Why Your Sentinel Logs Are the Best Audit Evidence You're Not Using
Your Sentinel workspace contains years of structured security telemetry that proves control operation, but your compliance team doesn't know it exists.
Your Microsoft Sentinel workspace has been ingesting security logs for months, possibly years. Every sign-in event, every privilege escalation, every configuration change, every threat detection, every incident response action. It's all there. Structured, timestamped, queryable.
Your auditor shows up and asks: "Can you demonstrate that privileged access is reviewed quarterly?" Your compliance analyst opens a separate spreadsheet, finds the last access review export from three months ago, and uploads a PDF. Meanwhile, Sentinel has a continuous record of every PIM activation, every access review completion event, every conditional access evaluation for the past 12 months. Structured data with full context. Sitting unused.
The gap between what Sentinel knows and what your compliance team collects is enormous. Let's close it.
What Sentinel actually contains
Sentinel isn't just a SIEM. It's a normalized, queryable repository of security-relevant events from across your entire estate. The data arrives from dozens of connectors and lands in standardized tables. Here's what's compliance-relevant in those tables.
SigninLogs. Every authentication event. User, application, device, location, conditional access policies evaluated, MFA method used, risk level, result. This table alone proves: authentication controls are enforced, MFA is active, risky sign-ins are blocked, conditional access policies are operating.
AuditLogs. Every directory change. User provisioning, group membership modifications, role assignments, application consent grants, policy changes. This proves: identity lifecycle management is operating, least privilege is enforced, changes are authorized.
SecurityAlert. Every alert generated by Defender products. Threat type, severity, affected entities, detection source, response status. This proves: threat detection controls are active, alerts are generated, incidents are triaged.

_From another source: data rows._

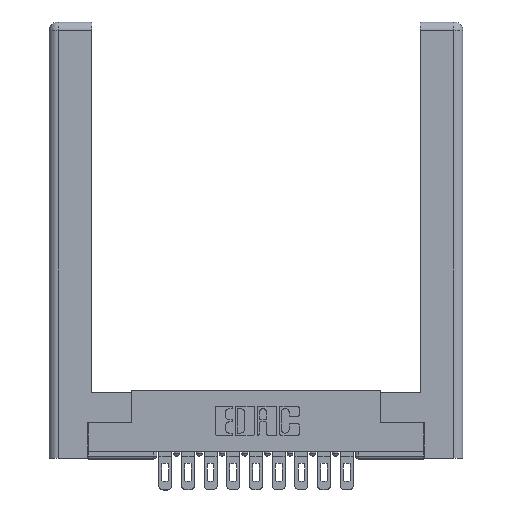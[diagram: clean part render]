
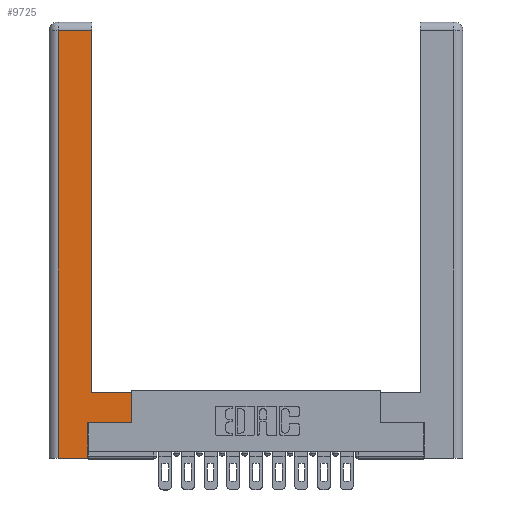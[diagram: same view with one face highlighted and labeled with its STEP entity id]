
A CAD part, top view. The second image highlights one B-rep face of the part: STEP entity #9725.
In plain terms, the highlighted planar face has unit normal (0, 0, 1).
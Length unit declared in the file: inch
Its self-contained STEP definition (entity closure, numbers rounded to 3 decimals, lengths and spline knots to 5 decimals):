
#487 = CARTESIAN_POINT ( 'NONE',  ( 0.0615, 2.94, 0. ) ) ;
#564 = LINE ( 'NONE', #487, #1114 ) ;
#850 = ORIENTED_EDGE ( 'NONE', *, *, #12295, .T. ) ;
#953 = ORIENTED_EDGE ( 'NONE', *, *, #1656, .T. ) ;
#957 = ORIENTED_EDGE ( 'NONE', *, *, #8066, .T. ) ;
#1100 = VERTEX_POINT ( 'NONE', #7253 ) ;
#1114 = VECTOR ( 'NONE', #5015, 39.37008 ) ;
#1339 = DIRECTION ( 'NONE',  ( 0., 0., -1. ) ) ;
#1393 = PLANE ( 'NONE',  #12175 ) ;
#1473 = LINE ( 'NONE', #10968, #13607 ) ;
#1656 = EDGE_CURVE ( 'NONE', #7311, #9506, #10340, .T. ) ;
#1848 = ORIENTED_EDGE ( 'NONE', *, *, #7405, .T. ) ;
#2497 = LINE ( 'NONE', #6456, #14647 ) ;
#2554 = CARTESIAN_POINT ( 'NONE',  ( 0., 0., 0. ) ) ;
#2973 = VECTOR ( 'NONE', #7549, 39.37008 ) ;
#3121 = EDGE_LOOP ( 'NONE', ( #14564, #850, #957, #953, #1848, #12884, #3713, #6019 ) ) ;
#3301 = VERTEX_POINT ( 'NONE', #11423 ) ;
#3435 = EDGE_CURVE ( 'NONE', #9109, #9801, #4992, .T. ) ;
#3713 = ORIENTED_EDGE ( 'NONE', *, *, #3435, .T. ) ;
#3739 = CARTESIAN_POINT ( 'NONE',  ( 0.0615, 0., 0. ) ) ;
#3912 = VECTOR ( 'NONE', #12351, 39.37008 ) ;
#4349 = CARTESIAN_POINT ( 'NONE',  ( 0.265, 0., 0. ) ) ;
#4493 = EDGE_CURVE ( 'NONE', #5567, #5960, #11987, .T. ) ;
#4613 = DIRECTION ( 'NONE',  ( 0., 1., 0. ) ) ;
#4992 = LINE ( 'NONE', #14107, #14067 ) ;
#5015 = DIRECTION ( 'NONE',  ( -1., 0., 0. ) ) ;
#5567 = VERTEX_POINT ( 'NONE', #13019 ) ;
#5960 = VERTEX_POINT ( 'NONE', #13094 ) ;
#6019 = ORIENTED_EDGE ( 'NONE', *, *, #14920, .T. ) ;
#6080 = CARTESIAN_POINT ( 'NONE',  ( 0.565, 0.245, 0. ) ) ;
#6351 = CARTESIAN_POINT ( 'NONE',  ( 0.565, 0.245, 0. ) ) ;
#6456 = CARTESIAN_POINT ( 'NONE',  ( 0.295, 0.45, 0. ) ) ;
#7253 = CARTESIAN_POINT ( 'NONE',  ( 0.265, 0.245, 0. ) ) ;
#7311 = VERTEX_POINT ( 'NONE', #3739 ) ;
#7330 = DIRECTION ( 'NONE',  ( 0., 1., 0. ) ) ;
#7405 = EDGE_CURVE ( 'NONE', #9506, #1100, #13794, .T. ) ;
#7549 = DIRECTION ( 'NONE',  ( 1., 0., 0. ) ) ;
#8066 = EDGE_CURVE ( 'NONE', #3301, #7311, #1473, .T. ) ;
#8740 = FACE_OUTER_BOUND ( 'NONE', #3121, .T. ) ;
#8805 = DIRECTION ( 'NONE',  ( 0., -1., 0. ) ) ;
#8833 = DIRECTION ( 'NONE',  ( -1., 0., 0. ) ) ;
#8848 = VECTOR ( 'NONE', #13304, 39.37008 ) ;
#9109 = VERTEX_POINT ( 'NONE', #6080 ) ;
#9506 = VERTEX_POINT ( 'NONE', #4349 ) ;
#9725 = ADVANCED_FACE ( 'NONE', ( #8740 ), #1393, .F. ) ;
#9801 = VERTEX_POINT ( 'NONE', #13140 ) ;
#10340 = LINE ( 'NONE', #12408, #2973 ) ;
#10623 = EDGE_CURVE ( 'NONE', #1100, #9109, #15177, .T. ) ;
#10968 = CARTESIAN_POINT ( 'NONE',  ( 0.0615, 0., 0. ) ) ;
#11423 = CARTESIAN_POINT ( 'NONE',  ( 0.0615, 2.94, 0. ) ) ;
#11957 = DIRECTION ( 'NONE',  ( -1., 0., 0. ) ) ;
#11987 = LINE ( 'NONE', #13399, #8848 ) ;
#12114 = VECTOR ( 'NONE', #7330, 39.37008 ) ;
#12175 = AXIS2_PLACEMENT_3D ( 'NONE', #2554, #1339, #11957 ) ;
#12295 = EDGE_CURVE ( 'NONE', #5960, #3301, #564, .T. ) ;
#12351 = DIRECTION ( 'NONE',  ( 1., 0., 0. ) ) ;
#12408 = CARTESIAN_POINT ( 'NONE',  ( 0.265, 0., 0. ) ) ;
#12884 = ORIENTED_EDGE ( 'NONE', *, *, #10623, .T. ) ;
#13019 = CARTESIAN_POINT ( 'NONE',  ( 0.295, 0.45, 0. ) ) ;
#13094 = CARTESIAN_POINT ( 'NONE',  ( 0.295, 2.94, 0. ) ) ;
#13140 = CARTESIAN_POINT ( 'NONE',  ( 0.565, 0.45, 0. ) ) ;
#13210 = CARTESIAN_POINT ( 'NONE',  ( 0.265, 0.245, 0. ) ) ;
#13304 = DIRECTION ( 'NONE',  ( 0., 1., 0. ) ) ;
#13399 = CARTESIAN_POINT ( 'NONE',  ( 0.295, 3., 0. ) ) ;
#13607 = VECTOR ( 'NONE', #8805, 39.37008 ) ;
#13794 = LINE ( 'NONE', #13210, #12114 ) ;
#14067 = VECTOR ( 'NONE', #4613, 39.37008 ) ;
#14107 = CARTESIAN_POINT ( 'NONE',  ( 0.565, 0.45, 0. ) ) ;
#14564 = ORIENTED_EDGE ( 'NONE', *, *, #4493, .T. ) ;
#14647 = VECTOR ( 'NONE', #8833, 39.37008 ) ;
#14920 = EDGE_CURVE ( 'NONE', #9801, #5567, #2497, .T. ) ;
#15177 = LINE ( 'NONE', #6351, #3912 ) ;

SecurityIncident. Every incident created from correlated alerts. Status, classification, assignment, resolution time, response actions taken. This proves: incident response procedures are followed, incidents are classified and resolved.
AzureActivity. Every Azure resource operation. Resource creation, deletion, modification, policy assignment, role assignment. This proves: infrastructure changes are logged, administrative actions are attributed.
InformationProtectionLogs. Every sensitivity label application, DLP policy match, classification action. This proves: data classification controls are active, data loss prevention is operating.
IdentityInfo. User attributes, risk scores, account status changes. This proves: identity governance is maintained, account lifecycle is managed.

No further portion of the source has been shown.